Já não bastasse a batalha perdida dos anúncios publicitários que implicou na redução do
jornal diário, que ficou tão murcho como as redações que tiveram que se adaptar ao
novo modelo de negócio, agora um novo susto fez com que muitos jornalistas caíssem
da cadeira: circula a notícia de que um robô já consegue fazer 30 mil matérias por mês.
Aí já é injustiça demais!

Agora, caro leitor, cabe a você decidir o que estará por trás das notícias que lemos. Em
tempos em que o ofício jornalístico tem sido tão massacrado, afinal, nossos diplomas já
não são exigidos e hoje basta saber escrever o mínimo e manipular ferramentas digitais
para disputar espaço com jornalistas graduados em coletivas e afins, esse texto é um
apelo e, por isso, vou contar o que significa o ato de escrever para os jornalistas.

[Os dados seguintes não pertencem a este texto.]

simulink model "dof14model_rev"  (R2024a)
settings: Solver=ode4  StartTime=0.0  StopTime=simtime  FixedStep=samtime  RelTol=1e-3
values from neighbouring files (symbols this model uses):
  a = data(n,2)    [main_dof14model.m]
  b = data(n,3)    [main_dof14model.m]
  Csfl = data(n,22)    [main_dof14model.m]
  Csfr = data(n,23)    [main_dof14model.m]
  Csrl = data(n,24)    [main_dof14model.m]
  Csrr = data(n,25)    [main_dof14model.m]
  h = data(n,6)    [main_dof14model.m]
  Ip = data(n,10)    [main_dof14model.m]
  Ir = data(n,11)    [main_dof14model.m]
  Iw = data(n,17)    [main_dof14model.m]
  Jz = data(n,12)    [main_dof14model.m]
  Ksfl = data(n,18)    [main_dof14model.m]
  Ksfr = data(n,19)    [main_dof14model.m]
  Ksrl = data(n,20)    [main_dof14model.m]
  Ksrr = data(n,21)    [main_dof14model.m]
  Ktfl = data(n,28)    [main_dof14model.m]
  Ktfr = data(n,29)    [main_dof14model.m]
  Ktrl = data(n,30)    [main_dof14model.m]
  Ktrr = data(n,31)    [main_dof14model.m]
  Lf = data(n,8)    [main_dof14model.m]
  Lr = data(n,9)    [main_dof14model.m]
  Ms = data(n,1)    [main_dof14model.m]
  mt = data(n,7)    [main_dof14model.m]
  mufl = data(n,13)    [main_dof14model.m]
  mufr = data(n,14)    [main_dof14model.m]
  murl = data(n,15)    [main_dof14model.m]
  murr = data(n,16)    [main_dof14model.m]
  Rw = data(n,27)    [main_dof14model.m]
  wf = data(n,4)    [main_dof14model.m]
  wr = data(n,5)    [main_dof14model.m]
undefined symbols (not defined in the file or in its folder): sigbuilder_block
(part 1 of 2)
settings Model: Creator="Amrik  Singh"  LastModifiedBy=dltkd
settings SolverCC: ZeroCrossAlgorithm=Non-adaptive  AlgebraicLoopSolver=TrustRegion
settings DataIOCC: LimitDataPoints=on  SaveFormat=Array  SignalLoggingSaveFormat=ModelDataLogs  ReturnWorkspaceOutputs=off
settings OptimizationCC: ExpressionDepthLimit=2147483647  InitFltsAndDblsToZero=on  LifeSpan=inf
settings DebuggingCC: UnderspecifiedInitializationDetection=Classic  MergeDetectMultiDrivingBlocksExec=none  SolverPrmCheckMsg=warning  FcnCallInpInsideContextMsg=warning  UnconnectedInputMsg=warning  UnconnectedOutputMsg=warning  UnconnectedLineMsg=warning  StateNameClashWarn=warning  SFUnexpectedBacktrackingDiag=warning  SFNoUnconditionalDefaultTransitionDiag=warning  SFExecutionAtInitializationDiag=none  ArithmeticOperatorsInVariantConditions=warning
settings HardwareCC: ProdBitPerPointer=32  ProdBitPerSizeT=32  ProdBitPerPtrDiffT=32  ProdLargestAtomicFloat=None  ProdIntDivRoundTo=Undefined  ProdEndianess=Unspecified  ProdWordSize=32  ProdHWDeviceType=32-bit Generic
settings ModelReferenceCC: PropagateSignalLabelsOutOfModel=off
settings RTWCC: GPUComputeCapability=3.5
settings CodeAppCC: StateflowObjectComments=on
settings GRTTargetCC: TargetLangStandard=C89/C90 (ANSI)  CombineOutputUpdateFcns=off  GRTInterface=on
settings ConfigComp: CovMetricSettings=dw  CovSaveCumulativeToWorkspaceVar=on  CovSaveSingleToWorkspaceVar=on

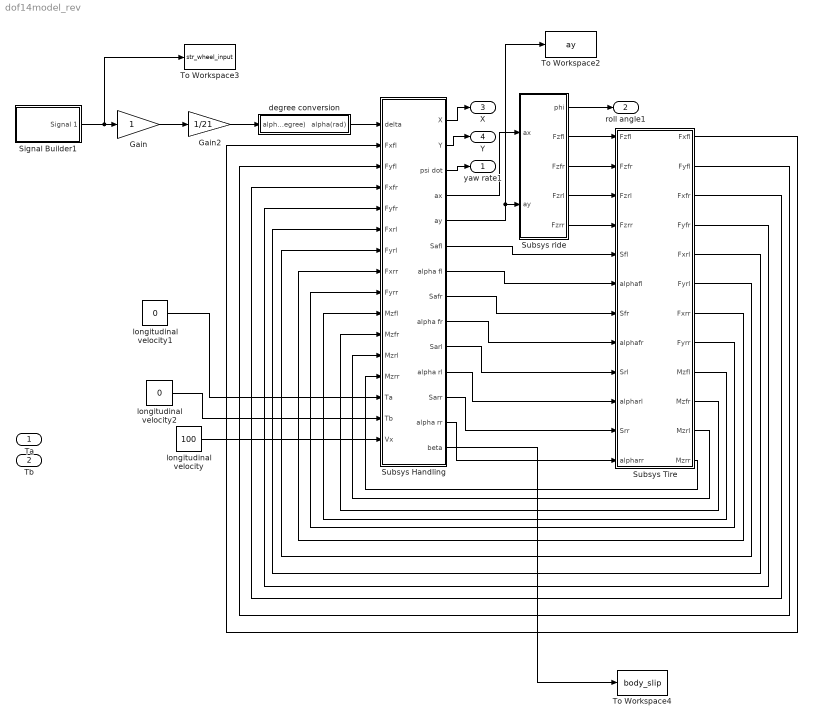
== system dof14model_rev ==
  Ta : Inport
  Tb : Inport  Port=2
  Gain : Gain
  Gain2 : Gain  Gain=1/21
  Signal Builder1 : Subsystem  Tag=STV Subsys  LoadFcn=sigbuilder_block('load');  StartFcn=sigbuilder_block('start');  StopFcn=sigbuilder_block('stop');  ClipboardFcn=sigbuilder_block('clipboard');  mask(Sigbuilder block){tuvar=[0:10]}
      mask help: Sigbuilder GUI
      mask init:
      | if ~strcmp(get_param(bdroot(gcbh),'SimulationStatus'),'stopped') tuvar = sigbuilder_block('maskInit'); end
      settings: CopyFcn=sigbuilder_block('copy');  DeleteFcn=sigbuilder_block('delete');  ModelCloseFcn=sigbuilder_block('modelClose');  PreSaveFcn=sigbuilder_block('preSave');  PauseFcn=sigbuilder_block('pause')  ContinueFcn=sigbuilder_block('continue')  NameChangeFcn=sigbuilder_block('namechange');  OpenFcn=sigbuilder_block('open',[214.5 118.2 550.5 399 ]);  CloseFcn=sigbuilder_block('close');
      mask Display: plot(0, 0, 100, 100,[2, 2, 32, 32, 2], [68, 8, 8, 68, 68],[32, 2], [38, 38], [32, 19, 2],[53, 60, 44], [32, 17, 17, 2],[16, 16, 31, 31]);txt = getActiveGroup(gcbh);text(2, 100, txt,'verticalAlignment', 'top');
  Subsys Handling : Subsystem
  Subsys Tire : Subsystem
  Subsys ride : Subsystem
  To Workspace2 : ToWorkspace  VariableName=ay  SampleTime=-1
      settings: Save2DSignal=2-D array (concatenate along first dimension)
  To Workspace3 : ToWorkspace  VariableName=str_wheel_input  SampleTime=-1
      settings: Save2DSignal=2-D array (concatenate along first dimension)
  To Workspace4 : ToWorkspace  VariableName=body_slip  SampleTime=-1
      settings: Save2DSignal=2-D array (concatenate along first dimension)
  degree conversion : Subsystem
  longitudinal velocity : Constant  Value=100
  longitudinal velocity1 : Constant  Value=0
  longitudinal velocity2 : Constant  Value=0
  yaw rate1 : Outport
  roll angle1 : Outport  Port=2
  X : Outport  Port=3
  Y : Outport  Port=4
  wires:
  Signal Builder1/1(Signal 1) -> To Workspace3/1, Gain/1
  Subsys Handling/2(Y) -> Y/1
  Subsys Tire/5(Fxrl) -> Subsys Handling/6(Fxrl)
  Subsys Handling/1(X) -> X/1
  Subsys Tire/7(Fxrr) -> Subsys Handling/8(Fxrr)
  Subsys ride/3(Fzfr) -> Subsys Tire/2(Fzfr)
  Subsys Tire/4(Fyfr) -> Subsys Handling/5(Fyfr)
  Subsys Handling/5(ay) -> To Workspace2/1, Subsys ride/2(ay)
  Subsys Tire/3(Fxfr) -> Subsys Handling/4(Fxfr)
  Subsys Tire/11(Mzrl) -> Subsys Handling/12(Mzrl)
  Subsys ride/1(phi) -> roll angle1/1
  Subsys ride/2(Fzfl) -> Subsys Tire/1(Fzfl)
  Subsys Tire/12(Mzrr) -> Subsys Handling/13(Mzrr)
  Subsys Tire/6(Fyrl) -> Subsys Handling/7(Fyrl)
  Subsys Handling/11(alpha rl) -> Subsys Tire/10(alpharl)
  Subsys Tire/9(Mzfl) -> Subsys Handling/10(Mzfl)
  Subsys Tire/1(Fxfl) -> Subsys Handling/2(Fxfl)
  Subsys Tire/10(Mzfr) -> Subsys Handling/11(Mzfr)
  Gain2/1 -> degree conversion/1(alpha(degree))
  Subsys Handling/3(psi dot) -> yaw rate1/1
  Subsys ride/5(Fzrr) -> Subsys Tire/4(Fzrr)
  Subsys Handling/6(Safl) -> Subsys Tire/5(Sfl)
  Subsys Tire/2(Fyfl) -> Subsys Handling/3(Fyfl)
  Subsys Handling/13(alpha rr) -> Subsys Tire/12(alpharr)
  Subsys Handling/10(Sarl) -> Subsys Tire/9(Srl)
  Subsys Tire/8(Fyrr) -> Subsys Handling/9(Fyrr)
  longitudinal velocity/1 -> Subsys Handling/16(Vx)
  Gain/1 -> Gain2/1
  Subsys Handling/9(alpha fr) -> Subsys Tire/8(alphafr)
  Subsys Handling/4(ax) -> Subsys ride/1(ax)
  Subsys Handling/8(Safr) -> Subsys Tire/7(Sfr)
  Subsys Handling/12(Sarr) -> Subsys Tire/11(Srr)
  Subsys Handling/7(alpha fl) -> Subsys Tire/6(alphafl)
  Subsys ride/4(Fzrl) -> Subsys Tire/3(Fzrl)
  degree conversion/1(alpha(rad)) -> Subsys Handling/1(delta)
  Subsys Handling/14(beta) -> To Workspace4/1
  longitudinal velocity1/1 -> Subsys Handling/14(Ta)
  longitudinal velocity2/1 -> Subsys Handling/15(Tb)

== system dof14model_rev/Signal Builder1 ==
  Demux : Demux  Tag=STV Demux  Outputs=1
      settings: DisplayOption=none
  FromWs : FromWorkspace  Tag=STV FromWs  VariableName=tuvar
      SigBuilderData=|
      | common.afterFinalStr = 'Extrapolate'
      | common.sampleTime = 0
      | dataSet.timeRange = [0 31]
      | dataSet.name = 'Group 1'
      | sbobj.Name = 'Signal Builder'
      | sbobj.Groups.Name = 'Group 1'
      | sbobj.Groups.Signals.Name = 'Signal 1'
      | sbobj.Groups.Signals.XData = [0 1 31]
      | sbobj.Groups.Signals.YData = [0 0 150]
      | sbobj.Groups.TimeRange = [0 31]
  Signal 1 : Outport  Tag=STV Outport
  wires:
  FromWs/1 -> Demux/1
  Demux/1 -> Signal 1/1

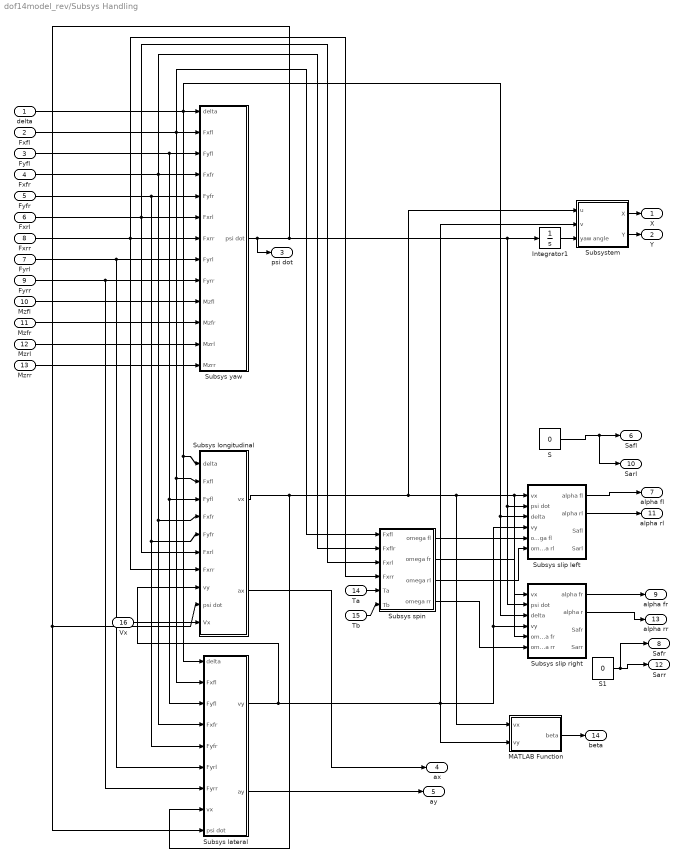
== system dof14model_rev/Subsys Handling ==
  delta : Inport
  Fxfl : Inport  Port=2
  Fyfl : Inport  Port=3
  Fxfr : Inport  Port=4
  Fyfr : Inport  Port=5
  Fxrl : Inport  Port=6
  Fyrl : Inport  Port=7
  Fxrr : Inport  Port=8
  Fyrr : Inport  Port=9
  Mzfl : Inport  Port=10
  Mzfr : Inport  Port=11
  Mzrl : Inport  Port=12
  Mzrr : Inport  Port=13
  Ta : Inport  Port=14
  Tb : Inport  Port=15
  Vx : Inport  Port=16
  Integrator1 : Integrator
  MATLAB Function : MATLAB Function  TreatAsAtomicUnit=on
  S : Constant  Value=0
  S1 : Constant  Value=0
  Subsys lateral : Subsystem
  Subsys longitudinal : Subsystem
  "Subsys slip left " : Subsystem
  Subsys slip right : Subsystem
  Subsys spin : Subsystem
  "Subsys yaw " : Subsystem
  Subsystem : Subsystem
  X : Outport
  Y : Outport  Port=2
  psi dot : Outport  Port=3
  ax : Outport  Port=4
  ay : Outport  Port=5
  Safl : Outport  Port=6
  alpha fl : Outport  Port=7
  Safr : Outport  Port=8
  alpha fr : Outport  Port=9
  Sarl : Outport  Port=10
  alpha rl : Outport  Port=11
  Sarr : Outport  Port=12
  alpha rr : Outport  Port=13
  beta : Outport  Port=14
  wires:
  Subsys lateral/2(ay) -> ay/1
  Subsys longitudinal/2(ax) -> ax/1
  Ta/1 -> Subsys spin/5(Ta)
  Tb/1 -> Subsys spin/6(Tb)
  "Subsys slip left "/1(alpha fl) -> alpha fl/1
  Subsys slip right/1(alpha fr) -> alpha fr/1
  Subsys slip right/2(alpha r) -> alpha rr/1
  Subsys spin/1(omega fl) -> "Subsys slip left "/5(omega fl)
  Subsys spin/4(omega rr) -> Subsys slip right/6(omega rr)
  Subsys longitudinal/1(vx) -> Subsys lateral/8(vx), MATLAB Function/1(vx), "Subsys slip left "/1(vx), Subsys slip right/1(vx), Subsystem/1(u)
  "Subsys slip left "/2(alpha rl) -> alpha rl/1
  delta/1 -> "Subsys yaw "/1(delta), Subsys longitudinal/1(delta), Subsys lateral/1(delta), "Subsys slip left "/3(delta), Subsys slip right/3(delta)
  Fxfl/1 -> "Subsys yaw "/2(Fxfl), Subsys longitudinal/2(Fxfl), Subsys lateral/2(Fxfl), Subsys spin/1(Fxfl)
  Fyfl/1 -> "Subsys yaw "/3(Fyfl), Subsys longitudinal/3(Fyfl), Subsys lateral/3(Fyfl)
  Fxfr/1 -> "Subsys yaw "/4(Fxfr), Subsys longitudinal/4(Fxfr), Subsys lateral/4(Fxfr), Subsys spin/2(Fxflr)
  Fyfr/1 -> "Subsys yaw "/5(Fyfr), Subsys longitudinal/5(Fyfr), Subsys lateral/5(Fyfr)
  Fxrl/1 -> "Subsys yaw "/6(Fxrl), Subsys spin/3(Fxrl), Subsys longitudinal/6(Fxrl)
  Fxrr/1 -> "Subsys yaw "/7(Fxrr), Subsys longitudinal/7(Fxrr), Subsys spin/4(Fxrr)
  Fyrl/1 -> "Subsys yaw "/8(Fyrl), Subsys lateral/6(Fyrl)
  Fyrr/1 -> "Subsys yaw "/9(Fyrr), Subsys lateral/7(Fyrr)
  "Subsys yaw "/1(psi dot) -> Subsys lateral/9("psi dot "), Subsys longitudinal/9("psi dot "), "Subsys slip left "/2(psi dot), Subsys slip right/2(psi dot), Integrator1/1, psi dot/1
  Subsys lateral/1(vy) -> Subsys longitudinal/8(vy), MATLAB Function/2(vy), "Subsys slip left "/4(vy), Subsys slip right/4(vy), Subsystem/2(v)
  Mzfl/1 -> "Subsys yaw "/10(Mzfl)
  Mzrr/1 -> "Subsys yaw "/13(Mzrr)
  Mzrl/1 -> "Subsys yaw "/12(Mzrl)
  Mzfr/1 -> "Subsys yaw "/11(Mzfr)
  Subsys spin/2(omega fr) -> Subsys slip right/5(omega fr)
  Subsys spin/3(omega rl) -> "Subsys slip left "/6(omega rl)
  S/1 -> Safl/1, Sarl/1
  S1/1 -> Sarr/1, Safr/1
  Vx/1 -> Subsys longitudinal/10(Vx)
  Integrator1/1 -> Subsystem/3(yaw angle)
  Subsystem/1(X) -> X/1
  Subsystem/2(Y) -> Y/1
  MATLAB Function/1(beta) -> beta/1

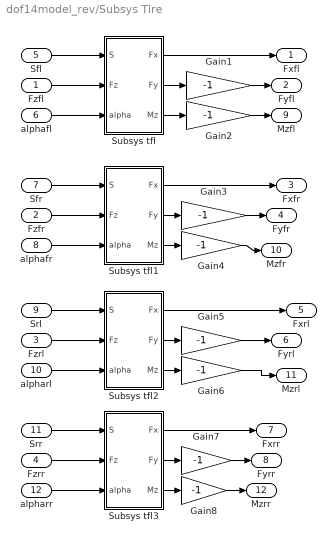
== system dof14model_rev/Subsys Tire ==
  Fzfl : Inport
  Fzfr : Inport  Port=2
  Fzrl : Inport  Port=3
  Fzrr : Inport  Port=4
  Sfl : Inport  Port=5
  alphafl : Inport  Port=6
  Sfr : Inport  Port=7
  alphafr : Inport  Port=8
  Srl : Inport  Port=9
  alpharl : Inport  Port=10
  Srr : Inport  Port=11
  alpharr : Inport  Port=12
  Gain{1..8} (8 alike) : Gain  Gain=-1
  Subsys tfl : Subsystem
  Subsys tfl1 : Subsystem
  Subsys tfl2 : Subsystem
  Subsys tfl3 : Subsystem
  Fxfl : Outport
  Fyfl : Outport  Port=2
  Fxfr : Outport  Port=3
  Fyfr : Outport  Port=4
  Fxrl : Outport  Port=5
  Fyrl : Outport  Port=6
  Fxrr : Outport  Port=7
  Fyrr : Outport  Port=8
  Mzfl : Outport  Port=9
  Mzfr : Outport  Port=10
  Mzrl : Outport  Port=11
  Mzrr : Outport  Port=12
  wires:
  Subsys tfl/1(Fx) -> Fxfl/1
  Subsys tfl/2(Fy) -> Gain1/1
  Subsys tfl/3(Mz) -> Gain2/1
  Sfl/1 -> Subsys tfl/1(S)
  Fzfl/1 -> Subsys tfl/2(Fz)
  alphafl/1 -> Subsys tfl/3(alpha)
  Subsys tfl1/1(Fx) -> Fxfr/1
  Subsys tfl1/2(Fy) -> Gain3/1
  Subsys tfl1/3(Mz) -> Gain4/1
  Sfr/1 -> Subsys tfl1/1(S)
  Fzfr/1 -> Subsys tfl1/2(Fz)
  alphafr/1 -> Subsys tfl1/3(alpha)
  Subsys tfl2/1(Fx) -> Fxrl/1
  Subsys tfl2/2(Fy) -> Gain5/1
  Subsys tfl2/3(Mz) -> Gain6/1
  Srl/1 -> Subsys tfl2/1(S)
  Fzrl/1 -> Subsys tfl2/2(Fz)
  alpharl/1 -> Subsys tfl2/3(alpha)
  Subsys tfl3/1(Fx) -> Fxrr/1
  Subsys tfl3/2(Fy) -> Gain7/1
  Subsys tfl3/3(Mz) -> Gain8/1
  Srr/1 -> Subsys tfl3/1(S)
  Fzrr/1 -> Subsys tfl3/2(Fz)
  alpharr/1 -> Subsys tfl3/3(alpha)
  Gain1/1 -> Fyfl/1
  Gain2/1 -> Mzfl/1
  Gain3/1 -> Fyfr/1
  Gain4/1 -> Mzfr/1
  Gain5/1 -> Fyrl/1
  Gain6/1 -> Mzrl/1
  Gain7/1 -> Fyrr/1
  Gain8/1 -> Mzrr/1

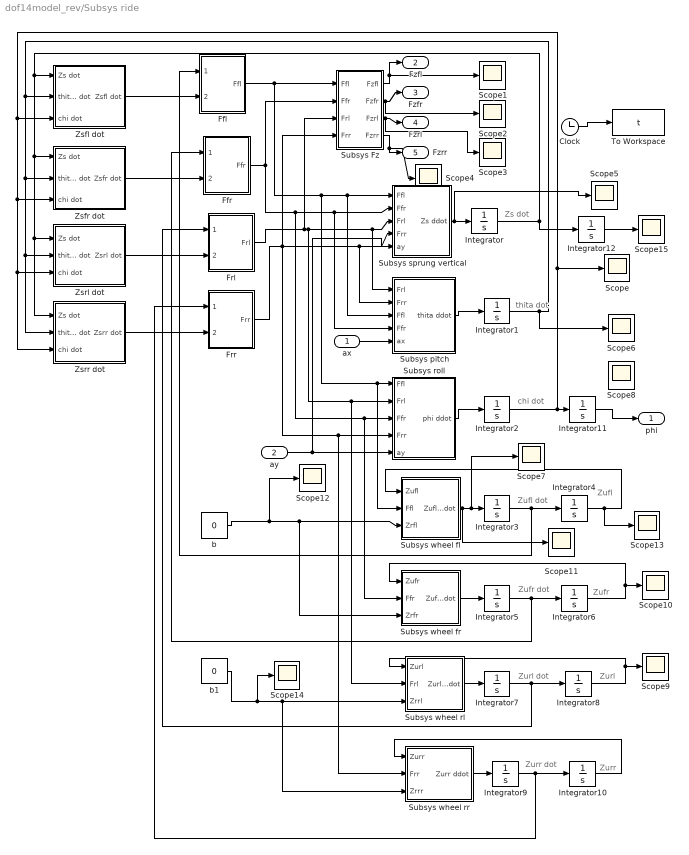
== system dof14model_rev/Subsys ride ==
  note: Zs dot
  note: thita dot
  note: chi dot
  note: Zufl dot
  note: Zufr dot
  note: Zurl dot
  note: Zurr dot
  note: Zufl
  note: Zufr
  note: Zurl
  note: Zurr
  ax : Inport
  ay : Inport  Port=2
  Clock : Clock
  Ffl : Subsystem
  Ffr : Subsystem
  Frl : Subsystem
  Frr : Subsystem
  Integrator{,1..12} (13 alike) : Integrator
  Scope{,1..15} (16 alike) : Scope
  Subsys Fz : Subsystem
  Subsys pitch : Subsystem
  Subsys roll : Subsystem
  Subsys sprung vertical : Subsystem
  Subsys wheel fl : Subsystem
  Subsys wheel fr : Subsystem
  Subsys wheel rl : Subsystem
  Subsys wheel rr : Subsystem
  To Workspace : ToWorkspace  VariableName=t  SampleTime=-1
  Zsfl dot : Subsystem
  Zsfr dot : Subsystem
  Zsrl dot : Subsystem
  Zsrr dot : Subsystem
  b : Constant  Value=0
  b1 : Constant  Value=0
  phi : Outport
  Fzfl : Outport  Port=2
  Fzfr : Outport  Port=3
  Fzrl : Outport  Port=4
  Fzrr : Outport  Port=5
  wires:
  Ffl/1(Ffl) -> Subsys sprung vertical/1(Ffl), Subsys pitch/3(Ffl), Subsys wheel fl/2(Ffl), Subsys roll/1(Ffl), Subsys Fz/1(Ffl)
  Ffr/1(Ffr) -> Subsys sprung vertical/2(Ffr), Subsys pitch/4(Ffr), Subsys wheel fr/2(Ffr), Subsys roll/3(Ffr), Subsys Fz/2(Ffr)
  Frl/1(Frl) -> Subsys sprung vertical/3(Frl), Subsys pitch/1(Frl), Subsys wheel rl/2(Frl), Subsys roll/2(Frl), Subsys Fz/3(Frl)
  Frr/1(Frr) -> Subsys sprung vertical/4(Frr), Subsys pitch/2(Frr), Subsys wheel rr/2(Frr), Subsys roll/4(Frr), Subsys Fz/4(Frr)
  Subsys sprung vertical/1(Zs ddot) -> Integrator/1, Scope5/1
  Integrator/1 -> Zsrr dot/1(Zs dot), Zsrl dot/1(Zs dot), Zsfr dot/1(Zs dot), Zsfl dot/1(Zs dot), Integrator12/1
  Zsfr dot/1(Zsfr dot) -> Ffr/2(Zsfr dot)
  Zsfl dot/1(Zsfl dot) -> Ffl/2(Zsfl dot)
  Zsrl dot/1(Zsrl dot) -> Frl/2(Zsrl dot)
  Zsrr dot/1(Zsrr dot) -> Frr/2(Zsrr dot)
  Subsys pitch/1(thita ddot) -> Integrator1/1
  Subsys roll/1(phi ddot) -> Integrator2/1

Sentar-se à frente de um computador (caderno ou máquina de escrever, se você for
mais retrô) é quase sempre um ritual. Não! As palavras não são tiradas de uma gaveta
ou do bolso da calça. Elas são fruto de vivências, conversas, pesquisas e muito faro. É
um processo prazerosamente construído com o intuito de proporcionar a você, caro
leitor, um momento único de absorção de informação.

Conversar com pessoas nos corredores, ouvir, mesmo sem fazer parte da roda, uma
opinião no metrô, ler as sugestões de pautas enviadas pelas assessorias de imprensa e,
claro, contar com o que sempre deu uma forcinha extra: o valioso "feeling". Entender as
entrelinhas é uma arte. É isso que invocamos ao escrever.

Depois de entrevistar especialistas de diversas opiniões, pessoas que viveram ou
presenciaram o fato, ler pesquisas, relatórios e estatísticas para embasar o texto, o
jornalista pode ficar um bom tempo encasquetado com uma palavra que julga não ter
cumprido o papel que gostaria para transmitir a informação. E o título então? A luta
entre o espaço e as palavras é um jogo que se aprende com a prática. Mas a magia está
em pensar de que maneira as palavras podem se unir para formar um texto. O texto,
nosso produto final, que aliás quer dizer arte de tecer, de entrelaçar uma palavra na
outra como um tecido, por isso, têxtil, texto, textual. É um desafio diário e muito, mas
muito emocionante.

Já passamos por muitas transformações na maneira como nos comunicamos. Mas ler o
que um robô escreveu, acho um exagero. Gosto de saber que cada palavra usada ali
tem uma alma, o autor debruçou-se para descobri-las, esforçou-se para consegui-las e
isso agora não tem mais valor? Quem nunca se emocionou com a emoção de um
repórter ao relatar uma tragédia? Com o envolvimento de âncoras narrando fatos
tocantes? Quem nunca invejou um jornalista esportivo em campo acompanhando um
grande campeão? Para mim, nada substituirá o olhar crítico e sensível dos repórteres. Já
leram os artigos? Os editoriais? É preciso bagagem para ter opiniões, é preciso
conhecimento de várias causas para apontar uma direção. Jornalistas são formados para
falar em nome da população; é um papel civil.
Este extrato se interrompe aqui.